The reason I would take a mag, is because they have 3 companies with the price listed, so a misprint would be less likely


----------



## rmelancon (Apr 5, 2004)

I use a Canon 10D and love it, but if you've got some nice Nikon lenses it would be hard to not go with the Nikon.


----------



## Joe Baginski (Dec 21, 2004)

*Cheapest 20D Kits?*

I got the manager at my local Bestbuy to say he'd match any price (online or not) as long as it was legit...so I'm looking for people to help me find the cheapest price on Canon 20D Kits. Bestbuy has them at $1599. http://www.bestbuy.com/site/olspage...85507&productCategoryId=cat04008&type=product

Thanks in advance.


----------



## Guest (Jan 18, 2005)

it's new and 1269.99 here

http://www.priceritephoto.com/pricerite ... sp?CartId={D49A8E36-7676-EVEREST478F-B70F-C4F4AE9ACCB7}&ic=CN9442A002


----------



## yuri (Feb 18, 2004)

*EOS 20D kit 18-55 EF-S lens $1489.00*

Hey, Joe.

This is a legitimate vendor. They have been around for 20+ years and have a solid reputation within photography circles. I have personally purchased from them many times over the last ten years.

There are a lot of vendors out there that strip the camera of items that are normally included (software, battery, battery charger, even the strap) and advertise a low price and then try to get you to buy all these accessories. In the end you pay more than what a legitimate shop would charge you. Plus you normally don't get after purchase service - which you would from a local, small camera shop. Try a local camera shop, you might be surprised. Sometimes it is worth paying the extra $20 for a camera in exchange for the service and support you get from the local guys (I know, I worked and managed one for almost ten years).

Yuri

http://www.keh.com/shop/product.cfm?bid=DC&cid=01&sid=newused&crid=9746273


----------



## Darks!de (Nov 16, 2004)

I'm looking for a good quality SLR camera for under $500. I love photography and have been into it for quite some time, but always using my parents camera or my digital one, which is pretty crappy. So i'm looking for a good starter camera, and maybe a good closeup lens, that's what i'm interested in. Anybody have any suggestions?

Luke

Edit: I was actually looking around http://www.keh.com, and was thinking that maybe it would be worth it to buy a used body and lens etc...


----------



## dmartin72 (Oct 27, 2004)

Are you looking for a film SLR or digital SLR because you will not find a good DSLR for under $500 unless it is used. Canon has the triple rebate program which I am going to take advantage of. This will reduce a $900 price tag for digital Rebel to $600. Of course you would need to also purchase 2 qualified lenses.

Sincerely,

David



Darks!de said:


> I'm looking for a good quality SLR camera for under $500. I love photography and have been into it for quite some time, but always using my parents camera or my digital one, which is pretty crappy. So i'm looking for a good starter camera, and maybe a good closeup lens, that's what i'm interested in. Anybody have any suggestions?
> 
> Luke
> 
> Edit: I was actually looking around http://www.keh.com, and was thinking that maybe it would be worth it to buy a used body and lens etc...


----------



## FCA (Oct 7, 2004)

Good luck getting Best Buy to match those prices. They like to call the places you bring in and 99% of the time they are "out of stock" so BB won't price match. It has to be an in stock item and it also has to have a US warranty, which the places you listed are most likely grey market cameras. Worst Buy always finds some excuse to get out of price matching....especially ones priced that low.


----------



## Joe Baginski (Dec 21, 2004)

*Bestbuy matched my price...*

I took in a Circuit City add for the Canon 20D kit $1349, they matched it. (Bestbuy price was $1599) 

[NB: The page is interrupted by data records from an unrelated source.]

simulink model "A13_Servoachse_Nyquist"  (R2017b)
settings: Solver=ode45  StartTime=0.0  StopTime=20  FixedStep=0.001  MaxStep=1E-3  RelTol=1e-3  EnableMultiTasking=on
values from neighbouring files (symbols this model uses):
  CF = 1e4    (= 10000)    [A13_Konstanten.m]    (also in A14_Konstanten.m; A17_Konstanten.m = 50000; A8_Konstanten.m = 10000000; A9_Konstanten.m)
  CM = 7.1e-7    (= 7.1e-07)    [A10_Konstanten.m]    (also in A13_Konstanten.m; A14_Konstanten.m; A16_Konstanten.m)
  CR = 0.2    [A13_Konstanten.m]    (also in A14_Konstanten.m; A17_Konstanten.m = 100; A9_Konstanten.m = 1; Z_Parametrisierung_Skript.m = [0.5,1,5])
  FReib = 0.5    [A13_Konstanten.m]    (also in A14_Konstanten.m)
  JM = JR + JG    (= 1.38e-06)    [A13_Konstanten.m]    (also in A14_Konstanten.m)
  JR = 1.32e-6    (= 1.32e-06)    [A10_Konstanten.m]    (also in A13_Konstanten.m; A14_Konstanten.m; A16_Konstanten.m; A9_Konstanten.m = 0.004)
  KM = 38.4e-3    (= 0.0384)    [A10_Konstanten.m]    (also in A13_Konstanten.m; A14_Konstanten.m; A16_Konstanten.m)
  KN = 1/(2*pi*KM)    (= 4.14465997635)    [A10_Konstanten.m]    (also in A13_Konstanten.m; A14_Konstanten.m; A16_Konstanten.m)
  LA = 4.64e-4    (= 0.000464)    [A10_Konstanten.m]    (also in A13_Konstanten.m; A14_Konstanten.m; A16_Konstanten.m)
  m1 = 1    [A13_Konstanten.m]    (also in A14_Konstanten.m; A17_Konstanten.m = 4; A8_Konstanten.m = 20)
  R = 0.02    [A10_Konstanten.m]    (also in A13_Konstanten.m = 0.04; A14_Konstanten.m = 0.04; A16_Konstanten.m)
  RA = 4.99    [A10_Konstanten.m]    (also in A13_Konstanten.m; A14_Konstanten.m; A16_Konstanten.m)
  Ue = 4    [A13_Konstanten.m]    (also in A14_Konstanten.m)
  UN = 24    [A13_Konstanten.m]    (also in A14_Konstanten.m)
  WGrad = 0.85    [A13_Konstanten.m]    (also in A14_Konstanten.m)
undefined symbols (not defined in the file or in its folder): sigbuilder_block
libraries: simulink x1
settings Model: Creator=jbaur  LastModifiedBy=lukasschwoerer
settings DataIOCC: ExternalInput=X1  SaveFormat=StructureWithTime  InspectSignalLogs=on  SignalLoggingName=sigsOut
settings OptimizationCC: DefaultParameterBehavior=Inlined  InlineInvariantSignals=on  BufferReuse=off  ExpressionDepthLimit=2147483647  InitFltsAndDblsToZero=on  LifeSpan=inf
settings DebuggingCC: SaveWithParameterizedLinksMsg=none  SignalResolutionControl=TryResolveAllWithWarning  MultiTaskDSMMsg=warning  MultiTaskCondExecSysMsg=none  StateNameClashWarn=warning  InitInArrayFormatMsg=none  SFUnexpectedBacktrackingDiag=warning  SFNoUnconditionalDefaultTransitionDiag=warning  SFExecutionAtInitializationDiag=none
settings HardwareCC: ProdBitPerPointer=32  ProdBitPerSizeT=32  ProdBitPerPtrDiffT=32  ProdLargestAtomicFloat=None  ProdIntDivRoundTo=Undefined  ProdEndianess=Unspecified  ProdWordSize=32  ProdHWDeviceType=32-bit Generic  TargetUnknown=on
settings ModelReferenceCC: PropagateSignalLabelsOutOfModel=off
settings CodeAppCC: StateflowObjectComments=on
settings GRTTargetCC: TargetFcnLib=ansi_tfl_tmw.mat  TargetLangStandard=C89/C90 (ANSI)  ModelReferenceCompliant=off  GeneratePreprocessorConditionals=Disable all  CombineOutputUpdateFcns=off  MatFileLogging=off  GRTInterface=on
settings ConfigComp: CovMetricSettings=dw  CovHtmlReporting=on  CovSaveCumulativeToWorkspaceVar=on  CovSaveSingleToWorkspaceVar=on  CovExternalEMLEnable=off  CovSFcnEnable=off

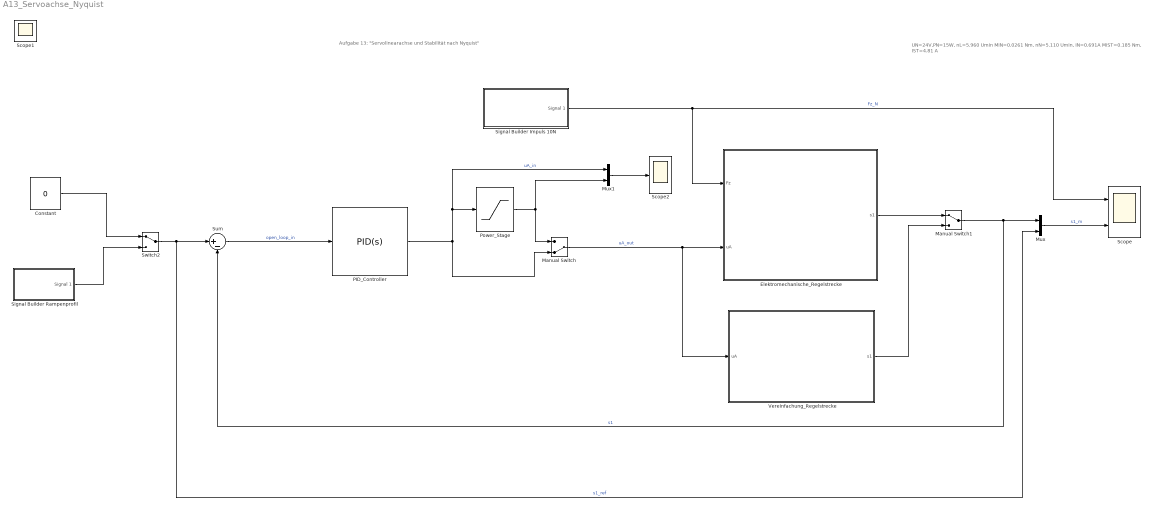
== system A13_Servoachse_Nyquist ==
  note: Aufgabe 13: "Servolinearachse und Stabilität nach Nyquist"
  note: UN=24V,PN=15W, nL=5.960 Umin
      | MiN=0.0261 Nm, nN=5.110 Umin, IN=0.691A
      | MiST=0.185 Nm, IST=4.81 A
  Constant : Constant  Value=0
  Elektromechanische_Regelstrecke : Subsystem
  Manual Switch : ManualSwitch  CurrentSetting=0
  Manual Switch1 : ManualSwitch
  Mux : Mux  Inputs=2
  Mux1 : Mux  Inputs=2
  PID_Controller : simulink/Continuous/PID Controller  Controller=PID  TimeDomain=Continuous-time  SampleTime=-1  IntegratorMethod=Forward Euler  FilterMethod=Forward Euler  Form=Ideal  UseFilter=on  ControllerParametersSource=internal  P=2480.03319241958  I=4.7969020161188  D=0.0477426789872327  N=295.112462731563  InitialConditionSource=internal  InitialConditionForIntegrator=0  InitialConditionForFilter=0  ExternalReset=none  LimitOutput=off  UpperSaturationLimit=UN  LowerSaturationLimit=-UN  LinearizeAsGain=off  AntiWindupMode=none  Kb=1  TrackingMode=off  Kt=1  PParamMin=[]  PParamMax=[]  IParamMin=[]  IParamMax=[]  DParamMin=[]  DParamMax=[]  NParamMin=[]  NParamMax=[]  KbParamMin=[]  KbParamMax=[]  KtParamMin=[]  KtParamMax=[]  POutMin=[]  POutMax=[]  IOutMin=[]  IOutMax=[]  DOutMin=[]  DOutMax=[]  NOutMin=[]  NOutMax=[]  KbOutMin=[]  KbOutMax=[]  KtOutMin=[]  KtOutMax=[]  IntegratorOutMin=[]  IntegratorOutMax=[]  FilterOutMin=[]  FilterOutMax=[]  SumOutMin=[]  SumOutMax=[]  SumI1OutMin=[]  SumI1OutMax=[]  SumI2OutMin=[]  SumI2OutMax=[]  SumI3OutMin=[]  SumI3OutMax=[]  SumDOutMin=[]  SumDOutMax=[]  SaturationOutMin=[]  SaturationOutMax=[]  IntegratorContinuousStateAttributes=''  IntegratorStateMustResolveToSignalObject=off  IntegratorRTWStateStorageClass=Auto  FilterContinuousStateAttributes=''  FilterStateMustResolveToSignalObject=off  FilterRTWStateStorageClass=Auto  DifferentiatorICPrevScaledInput=0  DifferentiatorOutMin=[]  DifferentiatorOutMax=[]  InitialConditionSetting=State (most efficient)  FilterDiffOutCoefMin=[]  FilterDiffOutCoefMax=[]  SumDenOutMin=[]  SumDenOutMax=[]  SumNumOutMin=[]  SumNumOutMax=[]  ReciprocalOutMin=[]  ReciprocalOutMax=[]  DivideOutMin=[]  DivideOutMax=[]  TunerSelectOption=Transfer Function Based (PID Tuner App)
  Power_Stage : Saturate  UpperLimit=UN  LowerLimit=-UN
  Scope : Scope  NumInputPorts=2
  Scope2 : Scope
  Signal Builder Impuls 10N : Subsystem  Tag=STV Subsys  LoadFcn=sigbuilder_block('load');  StartFcn=sigbuilder_block('start');  StopFcn=sigbuilder_block('stop');  ClipboardFcn=sigbuilder_block('clipboard');  mask(Sigbuilder block){tuvar=[0:10]}
      mask help: Simulink:masks:SigbuilderBlock_MD
      mask init:
      | if ~strcmp(get_param(bdroot(gcbh),'SimulationStatus'),'stopped') tuvar = sigbuilder_block('maskInit'); end
      settings: CopyFcn=sigbuilder_block('copy');  DeleteFcn=sigbuilder_block('delete');  ModelCloseFcn=sigbuilder_block('modelClose');  PreSaveFcn=sigbuilder_block('preSave');  PauseFcn=sigbuilder_block('pause');  ContinueFcn=sigbuilder_block('continue');  NameChangeFcn=sigbuilder_block('namechange');  OpenFcn=sigbuilder_block('open',[437 199 551 400 ]);  CloseFcn=sigbuilder_block('close');
      mask Display: plot(0, 0, 100, 100,[2, 2, 32, 32, 2], [68, 8, 8, 68, 68],[32, 2], [38, 38], [32, 19, 2],[53, 60, 44], [32, 17, 17, 2],[16, 16, 31, 31]);txt = getActiveGroup(gcbh);text(2, 100, txt,'verticalAlignment', 'top');
  Signal Builder Rampenprofil : Subsystem  Tag=STV Subsys  LoadFcn=sigbuilder_block('load');  StartFcn=sigbuilder_block('start');  StopFcn=sigbuilder_block('stop');  ClipboardFcn=sigbuilder_block('clipboard');  mask(Sigbuilder block){tuvar=[0:10]}
      mask help: Create and generate interchangeable groups of signals whose waveforms are piecewise linear.
      mask init:
      | if ~strcmp(get_param(bdroot(gcbh),'SimulationStatus'),'stopped') tuvar = sigbuilder_block('maskInit'); end
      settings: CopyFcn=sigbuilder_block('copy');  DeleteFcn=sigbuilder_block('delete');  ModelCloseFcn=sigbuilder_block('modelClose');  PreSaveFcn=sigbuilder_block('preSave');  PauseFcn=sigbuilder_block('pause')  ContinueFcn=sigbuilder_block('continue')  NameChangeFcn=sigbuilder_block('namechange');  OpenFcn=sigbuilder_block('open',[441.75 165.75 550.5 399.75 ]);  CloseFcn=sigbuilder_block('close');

I always use Bestbuy, only because I can pay it off over time w/ no-interest, which lets me control my money a bit more than paying all at once...which is good cause once you buy the camera you've got to buy lenses usually.

Also who has a list of lens that qualify for the triple rebate? Its probably on the Canon site but I haven't looked yet.


----------



## dmartin72 (Oct 27, 2004)

http://www.web-rebates.com/canon/default.asp


----------



## Darks!de (Nov 16, 2004)

Well i was thinking film SLR, the digitals are way too much for now...however this triple rebate sounds very interesting...i'll keep looking. Any suggestions for a film SLR?


----------



## Guest (Jan 25, 2005)

Yeeah (A subject I actually know what I'm talking about)

I've had a Nikon N-80 for just about 2 years and have never had any problems. I'm an amautuer photographer went to school for a few years for it and used the camera the whole time. Also if you do get one buy one with a name behind it wether its a Nikon, Canon, or whatever. 

Canon has better lens quality but cost so much more.

just my 2 cents anyway


----------



## yuri (Feb 18, 2004)

Why not look at a used film body. The prices have been plummeting with the introduction of lower cost DSLRs.

http://www.keh.com (king of online used retailers in the US)

http://www.bhphotovideo.com (has a used section)

http://www.adorama.com (also has a used section)

I have bought used equipment from each of these. KEH.com has the largest inventory by far. Their rating system for the condition of the equipment is very conservative, you get equipment in amazing condition. Alternatively, check a local camera store for good deals on used equipment.

If you are shopping for Canon film bodies, try looking at EOS 1n - this camera's viewfinder shows you 100% of what goes on the film. Lower end cameras typically show between 90 and 95% of what goes on the film. The EOS 1 series cameras are all professional build quality, weather sealed and incredibly rugged. I have seen the EOS 1n in very good condition for as little as $400 - incredible for a camera that commanded a $1500 price new.

Try finding one at http://www.keh.com

Yuri


----------